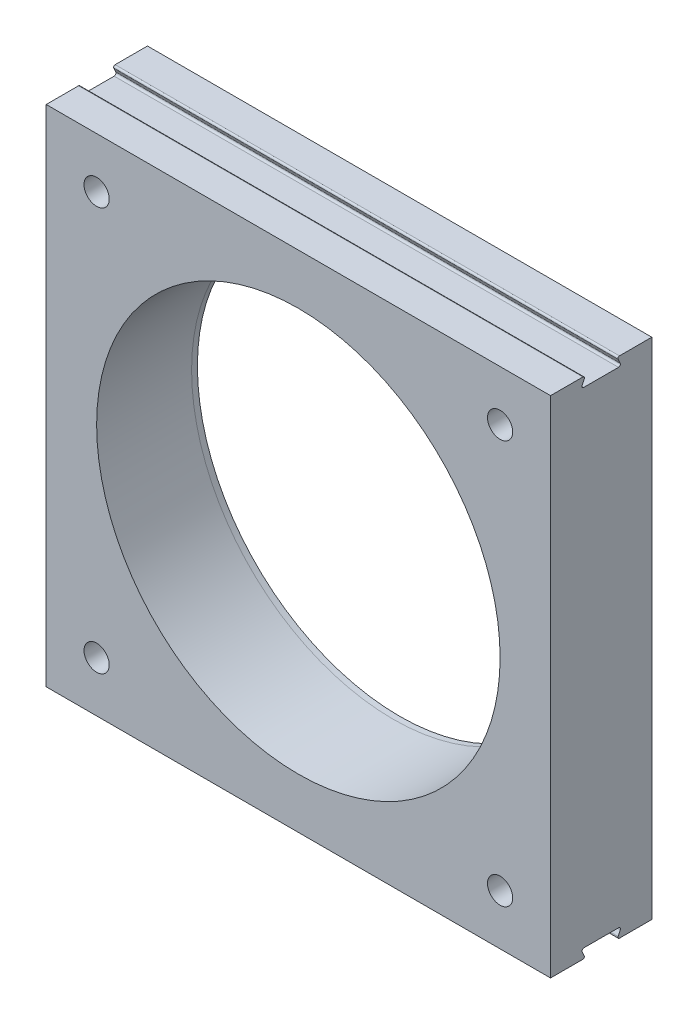
SolidWorks part; units mm, degrees
material "PW60:2:C1:0:1:2:Re:26:"
ref_plane "Plane1" through (0, 0, 0) normal (0, 0, 1) x (1, 0, 0)
ref_plane "Plane2" through (0, 0, 0) normal (0, 1, 0) x (1, 0, 0)
ref_plane "Plane3" through (0, 0, 0) normal (1, 0, 0) x (0, 0, -1)
sketch "Sketch1" plane through (0, 0, 0) normal (0, 0, 1) x (1, 0, 0)
  line L0 (-127, 127) -> (127, 127)
  line L1 (-127, 127) -> (-127, -127)
  line L2 (127, -127) -> (-127, -127)
  line L3 (127, -127) -> (127, 127)
  dimension "Length" = 254
  dimension "D2" = 127
  dimension "Width" = 254
  dimension "D4" = 127
extrude "Base-Extrude" add sketch "Sketch1" along normal mid plane 51
sketch "Sketch2" plane through (127, 0, 0) normal (1, 0, 0) x (0, 0, -1)
  line L0 (-7.9375, 127) -> (7.9375, 127)
  line L1 (8.7313, 122.2375) -> (-8.7312, 122.2375)
  line L4 (-25.5, 127) -> (25.5, 127) construction
  line L5 (0, 127) -> (0, 111.4524) construction
  line L6 (7.9375, 127) -> (9.5904, 123.6127)
  line L7 (-7.9375, 127) -> (-9.5904, 123.6127)
  arc A0 (9.5904, 123.6127) -> (8.7313, 122.2375) centre (8.7313, 123.1935) cw
  arc A1 (-9.5904, 123.6127) -> (-8.7312, 122.2375) centre (-8.7312, 123.1935) ccw
  point P6 (0, 127)
  dimension "D1" = 15.875
  dimension "D2" = 4.7625
  dimension "D3" = 17.4625
sketch "Sketch3" plane through (0, 0, 0) normal (0, 0, 1) x (1, 0, 0)
  line L4 (-127, 127) -> (-127, -127)
  line L5 (-127, -127) -> (127, -127)
  line L6 (127, -127) -> (127, 127)
  line L7 (127, 127) -> (-127, 127)
  line L11 (127, 127) -> (-127, 127)
  dimension "D1" = 0
sweep "Cut-Sweep1" cut profiles "Sketch2" path "Sketch3"
fillet "Fillet4" radius 0.7937 2 edges at (0, 127, 7.9375) (0, 127, -7.9375)
mirror "Mirror3" about plane through (0, 0, 0) normal (0, 1, 0) of "Fillet4", "Cut-Sweep1"
sketch "Sketch4" plane through (0, 0, 25.5) normal (0, 0, 1) x (1, 0, 0)
  line L1 (-127, 127) -> (127, 127) construction
  line L2 (-127, 127) -> (-127, -127) construction
  circle A0 centre (-101.6, 101.6) radius 6.35
  dimension "D1" = 25.4
  dimension "D3" = 12.7
  dimension "D2" = 25.4
extrude "Cut-Extrude1" cut sketch "Sketch4" against normal through all
mirror "Mirror1" about plane through (0, 0, 0) normal (0, 1, 0) of "Cut-Extrude1"
mirror "Mirror2" about plane through (0, 0, 0) normal (1, 0, 0) of "Cut-Extrude1", "Mirror1"
sketch "Sketch5" plane through (0, 0, -25.5) normal (0, 0, -1) x (-1, 0, 0)
  circle A0 centre (0, 0) radius 101.85
  circle A1 centre (0, 0) radius 101.6
  dimension "D1" = 203.7
  dimension "Diameter" = 203.2
extrude "Cut-Extrude2" cut sketch "Sketch5" against normal blind 3.175
sketch "Sketch7" plane through (0, 0, -25.5) normal (0, 0, -1) x (-1, 0, 0)
  circle A1 centre (0, 0) radius 101.6
  circle A2 centre (0, 0) radius 101.6
  dimension "D1" = 0
extrude "Cut-Extrude3" cut sketch "Sketch7" against normal through all
equation "\"D2@Sketch1\" = \"Length@Sketch1\"/2"
equation "\"D4@Sketch1\" = \"Width@Sketch1\"/2"
equation "\"D1@Sketch5\" = \"Diameter@Sketch5\"+.5"

──────────────────────────────

*TASK DETAILS*.
All lines from the one containing "circle A2 centre (0, 0) radius 101.6" to the last line of the material above must be copied exactly, and only those.

*SOLVED PROBLEM*.
  circle A2 centre (0, 0) radius 101.6
  dimension "D1" = 0
extrude "Cut-Extrude3" cut sketch "Sketch7" against normal through all
equation "\"D2@Sketch1\" = \"Length@Sketch1\"/2"
equation "\"D4@Sketch1\" = \"Width@Sketch1\"/2"
equation "\"D1@Sketch5\" = \"Diameter@Sketch5\"+.5"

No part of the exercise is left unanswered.